Macauley slapped him again and said, “Okay, scram, get, vamoose, clear out of here. I’ve got sick people to deal with.”
“Yeah, right.” The boy pulled out a pack of cigarettes, stuck a smoke in his mouth, but didn’t light it.
Macauley said, “Hey, turkey, your lungs are someone else’s problem.”
The boy laughed and shambled off.
Macauley came over to me. “Noncompliant adolescents with brittle diabetes. When I die I know I’m going to heaven, ’cause I’ve already been to hell.”
He shot a thick arm forward. The hand at the end of it was big but his grip was restrained. His face was basset with a touch of bull terrier: thick nose, full lips, small, drooping dark eyes. The baldness and perpetual five o’clock shadow gave him a middle-aged look, but I guessed he was thirty-five or so.
“Al Macauley.”
“Alex Delaware.”
“Meeting of the Als,” he said. “C’mon out of here before the natives grow restless.”
He took me behind swinging doors just like those in Stephanie’s clinic, past a similar mix of clerks, nurses, residents, ringing phones, and scratching pens, to an examining room decorated with a sugar-content chart issued by one of the big fast-food chains. The five food groups with an emphasis on burgers and fries.
“What can I do for you?” he said, sitting on a stool and spinning back and forth in small semicircles.
“Any insights on Cassie?” I said.
“Insights? Isn’t that your department?”
“In a perfect world it would be, Al. Unfortunately, reality’s refusing to cooperate.”
He snorted and ran his hand over his head, smoothing nonexistent hair. Someone had left a rubber reflex hammer on the examining table. He picked it up and touched the tip to his knee.
“You recommended intensive psych support,” I said, “and I just wondered—”
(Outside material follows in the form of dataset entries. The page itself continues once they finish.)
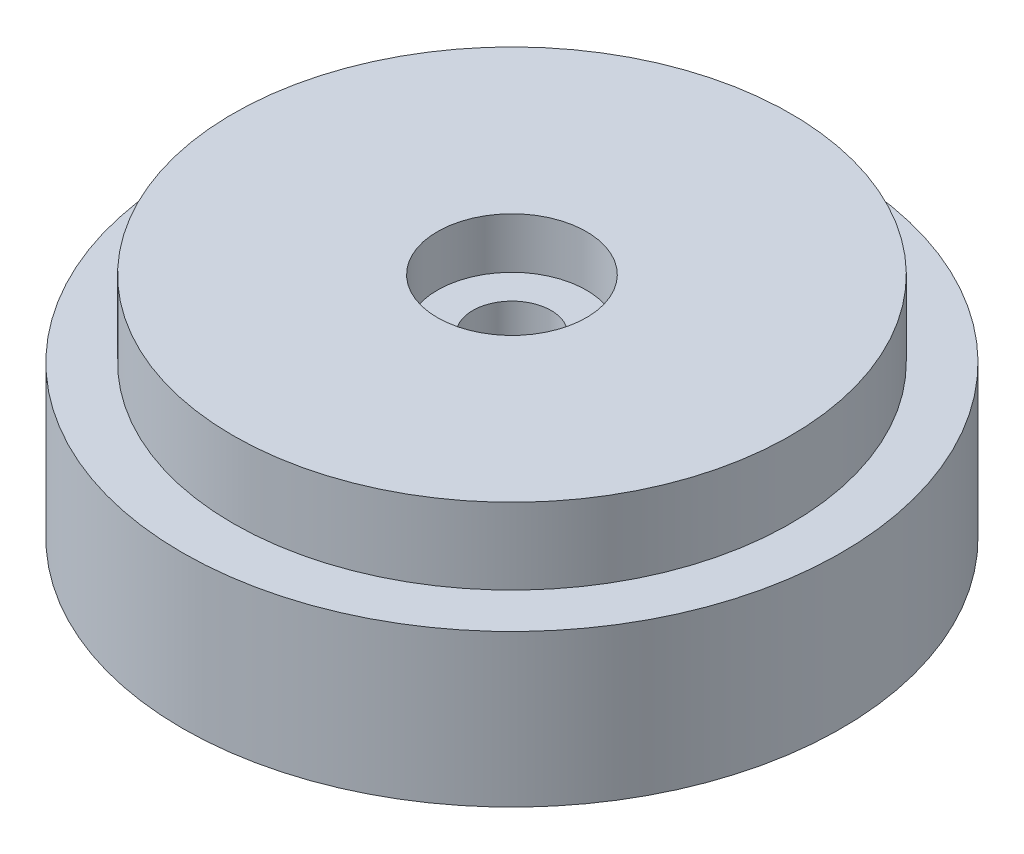
ISO-10303-21;
HEADER;
FILE_DESCRIPTION(('STEP AP214'),'2;1');
FILE_NAME('part.step','',(''),(''),'','','');
FILE_SCHEMA(('AUTOMOTIVE_DESIGN { 1 0 10303 214 1 1 1 1 }'));
ENDSEC;
DATA;
#1=APPLICATION_CONTEXT('core data for automotive mechanical design processes');
#2=APPLICATION_PROTOCOL_DEFINITION('international standard','automotive_design',2000,#1);
#3=PRODUCT_CONTEXT('',#1,'mechanical');
#4=PRODUCT('Part','Part','',(#3));
#5=PRODUCT_RELATED_PRODUCT_CATEGORY('part','',(#4));
#6=PRODUCT_DEFINITION_FORMATION('','',#4);
#7=PRODUCT_DEFINITION_CONTEXT('part definition',#1,'design');
#8=PRODUCT_DEFINITION('design','',#6,#7);
#9=PRODUCT_DEFINITION_SHAPE('','',#8);
#10=(LENGTH_UNIT() NAMED_UNIT(*) SI_UNIT(.MILLI.,.METRE.));
#11=(NAMED_UNIT(*) PLANE_ANGLE_UNIT() SI_UNIT($,.RADIAN.));
#12=(NAMED_UNIT(*) SI_UNIT($,.STERADIAN.) SOLID_ANGLE_UNIT());
#13=UNCERTAINTY_MEASURE_WITH_UNIT(LENGTH_MEASURE(1.E-05),#10,'distance_accuracy_value','');
#14=(GEOMETRIC_REPRESENTATION_CONTEXT(3) GLOBAL_UNCERTAINTY_ASSIGNED_CONTEXT((#13)) GLOBAL_UNIT_ASSIGNED_CONTEXT((#10,
#11,#12)) REPRESENTATION_CONTEXT('',''));
#15=CARTESIAN_POINT('',(0.,0.,0.));
#16=DIRECTION('',(0.,0.,1.));
#17=DIRECTION('',(1.,0.,0.));
#18=AXIS2_PLACEMENT_3D('',#15,#16,#17);
#19=CARTESIAN_POINT('',(0.,9.,0.));
#20=DIRECTION('',(0.,-1.,0.));
#21=DIRECTION('',(0.,0.,-1.));
#22=AXIS2_PLACEMENT_3D('',#19,#20,#21);
#23=CYLINDRICAL_SURFACE('',#22,2.94);
#24=CARTESIAN_POINT('',(0.,7.,0.));
#25=DIRECTION('',(0.,1.,0.));
#26=DIRECTION('',(0.,0.,1.));
#27=AXIS2_PLACEMENT_3D('',#24,#25,#26);
#28=CIRCLE('',#27,2.94);
#29=CARTESIAN_POINT('',(0.,7.,2.94));
#30=VERTEX_POINT('',#29);
#31=EDGE_CURVE('E10',#30,#30,#28,.T.);
#32=ORIENTED_EDGE('',*,*,#31,.F.);
#33=EDGE_LOOP('',(#32));
#34=FACE_BOUND('',#33,.T.);
#35=CARTESIAN_POINT('',(0.,9.,0.));
#36=DIRECTION('',(0.,1.,0.));
#37=DIRECTION('',(0.,0.,1.));
#38=AXIS2_PLACEMENT_3D('',#35,#36,#37);
#39=CIRCLE('',#38,2.94);
#40=CARTESIAN_POINT('',(0.,9.,2.94));
#41=VERTEX_POINT('',#40);
#42=EDGE_CURVE('E51',#41,#41,#39,.T.);
#43=ORIENTED_EDGE('',*,*,#42,.T.);
#44=EDGE_LOOP('',(#43));
#45=FACE_BOUND('',#44,.T.);
#46=ADVANCED_FACE('F41',(#34,#45),#23,.F.);
#47=CARTESIAN_POINT('',(0.,9.,0.));
#48=DIRECTION('',(0.,-1.,0.));
#49=DIRECTION('',(0.,0.,-1.));
#50=AXIS2_PLACEMENT_3D('',#47,#48,#49);
#51=CYLINDRICAL_SURFACE('',#50,11.);
#52=CARTESIAN_POINT('',(0.,6.,0.));
#53=DIRECTION('',(0.,1.,0.));
#54=DIRECTION('',(0.,0.,1.));
#55=AXIS2_PLACEMENT_3D('',#52,#53,#54);
#56=CIRCLE('',#55,11.);
#57=CARTESIAN_POINT('',(0.,6.,11.));
#58=VERTEX_POINT('',#57);
#59=EDGE_CURVE('E97',#58,#58,#56,.T.);
#60=ORIENTED_EDGE('',*,*,#59,.T.);
#61=EDGE_LOOP('',(#60));
#62=FACE_BOUND('',#61,.T.);
#63=CARTESIAN_POINT('',(0.,9.,0.));
#64=DIRECTION('',(0.,1.,0.));
#65=DIRECTION('',(0.,0.,1.));
#66=AXIS2_PLACEMENT_3D('',#63,#64,#65);
#67=CIRCLE('',#66,11.);
#68=CARTESIAN_POINT('',(0.,9.,11.));
#69=VERTEX_POINT('',#68);
#70=EDGE_CURVE('E47',#69,#69,#67,.T.);
#71=ORIENTED_EDGE('',*,*,#70,.F.);
#72=EDGE_LOOP('',(#71));
#73=FACE_BOUND('',#72,.T.);
#74=ADVANCED_FACE('F103',(#62,#73),#51,.T.);
#75=CARTESIAN_POINT('',(0.,9.,0.));
#76=DIRECTION('',(0.,1.,0.));
#77=DIRECTION('',(0.,0.,1.));
#78=AXIS2_PLACEMENT_3D('',#75,#76,#77);
#79=PLANE('',#78);
#80=ORIENTED_EDGE('',*,*,#42,.F.);
#81=EDGE_LOOP('',(#80));
#82=FACE_BOUND('',#81,.T.);
#83=ORIENTED_EDGE('',*,*,#70,.T.);
#84=EDGE_LOOP('',(#83));
#85=FACE_BOUND('',#84,.T.);
#86=ADVANCED_FACE('F122',(#82,#85),#79,.T.);
#87=CARTESIAN_POINT('',(0.,0.,0.));
#88=DIRECTION('',(0.,1.,0.));
#89=DIRECTION('',(0.,0.,1.));
#90=AXIS2_PLACEMENT_3D('',#87,#88,#89);
#91=PLANE('',#90);
#92=CARTESIAN_POINT('',(-5.,0.,-5.));
#93=DIRECTION('',(0.,1.,0.));
#94=DIRECTION('',(0.,0.,1.));
#95=AXIS2_PLACEMENT_3D('',#92,#93,#94);
#96=CIRCLE('',#95,3.05);
#97=CARTESIAN_POINT('',(-5.,0.,-8.05));
#98=VERTEX_POINT('',#97);
#99=EDGE_CURVE('E76',#98,#98,#96,.T.);
#100=ORIENTED_EDGE('',*,*,#99,.T.);
#101=EDGE_LOOP('',(#100));
#102=FACE_BOUND('',#101,.T.);
#103=CARTESIAN_POINT('',(-5.,0.,5.));
#104=DIRECTION('',(0.,1.,0.));
#105=DIRECTION('',(0.,0.,1.));
#106=AXIS2_PLACEMENT_3D('',#103,#104,#105);
#107=CIRCLE('',#106,3.05);
#108=CARTESIAN_POINT('',(-5.,0.,1.95));
#109=VERTEX_POINT('',#108);
#110=EDGE_CURVE('E83',#109,#109,#107,.T.);
#111=ORIENTED_EDGE('',*,*,#110,.T.);
#112=EDGE_LOOP('',(#111));
#113=FACE_BOUND('',#112,.T.);
#114=CARTESIAN_POINT('',(5.,0.,5.));
#115=DIRECTION('',(0.,1.,0.));
#116=DIRECTION('',(0.,0.,1.));
#117=AXIS2_PLACEMENT_3D('',#114,#115,#116);
#118=CIRCLE('',#117,3.05);
#119=CARTESIAN_POINT('',(5.,0.,1.95));
#120=VERTEX_POINT('',#119);
#121=EDGE_CURVE('E89',#120,#120,#118,.T.);
#122=ORIENTED_EDGE('',*,*,#121,.T.);
#123=EDGE_LOOP('',(#122));
#124=FACE_BOUND('',#123,.T.);
#125=CARTESIAN_POINT('',(5.,0.,-5.));
#126=DIRECTION('',(0.,1.,0.));
#127=DIRECTION('',(0.,0.,1.));
#128=AXIS2_PLACEMENT_3D('',#125,#126,#127);
#129=CIRCLE('',#128,3.05);
#130=CARTESIAN_POINT('',(5.,0.,-8.05));
#131=VERTEX_POINT('',#130);
#132=EDGE_CURVE('E70',#131,#131,#129,.T.);
#133=ORIENTED_EDGE('',*,*,#132,.T.);
#134=EDGE_LOOP('',(#133));
#135=FACE_BOUND('',#134,.T.);
#136=CARTESIAN_POINT('',(0.,0.,0.));
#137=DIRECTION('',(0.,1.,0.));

“If I was being an especially sensitive guy or if I thought the case was suspicious, right? The answer is b. I read your notes in the chart, asked around about you, and found out you were good. So I figured I’d put in my two cents.”
“Suspicious,” I said. “As in Munchausen by proxy?”
“Call it what you want — I’m a gland-hand, not a shrink. But there’s nothing wrong with the kid’s metabolism, I can tell you that.”
“You’re sure of that?”
“Look, this isn’t the first time I’ve been involved in the case — I worked her up months ago, when she supposedly presented with bloody stools. No one ever actually saw the stools except the mom, and red spots on a diaper don’t make it in my book. We could be talking diaper rash. And my first go-round was rigorous . Every endocrine test in the book, some that weren’t.”
“Someone saw this latest seizure.”
“I know that,” he said impatiently. “The nurse and the U.C. And low sugar does explain it, physiologically. But what it doesn’t explain is why . She’s got no genetic or metabolic abnormality of any kind, no glycogen storage disorder, and her pancreas is functioning perfectly. At this point, all I’m doing is plowing old ground and throwing in some experimental assays I borrowed from the med school — basic science stuff they’re still getting baselines on. We might just have the most tested two-year-old kid in the Western Hemisphere. Wanna call Guinness?”
“What about something idiopathic — a rare variant of a known disease?”
He looked at me, passed the hammer from hand to hand. “Anything’s possible.”
“But you don’t think so.”
“What I don’t think is that there’s anything wrong with her glands. This is a healthy kid, presenting with hypoglycemia because of something else.”
“Something someone gave her?”
He tossed the hammer up in the air and snagged it with two fingers. Repeated the exercise a couple more times, then said, “What do you think?” He smiled. “Always wanted to do that with one of you guys. Seriously, though, yeah, that’s what I think. It’s logical, isn’t it, considering the history? And that sib who died.”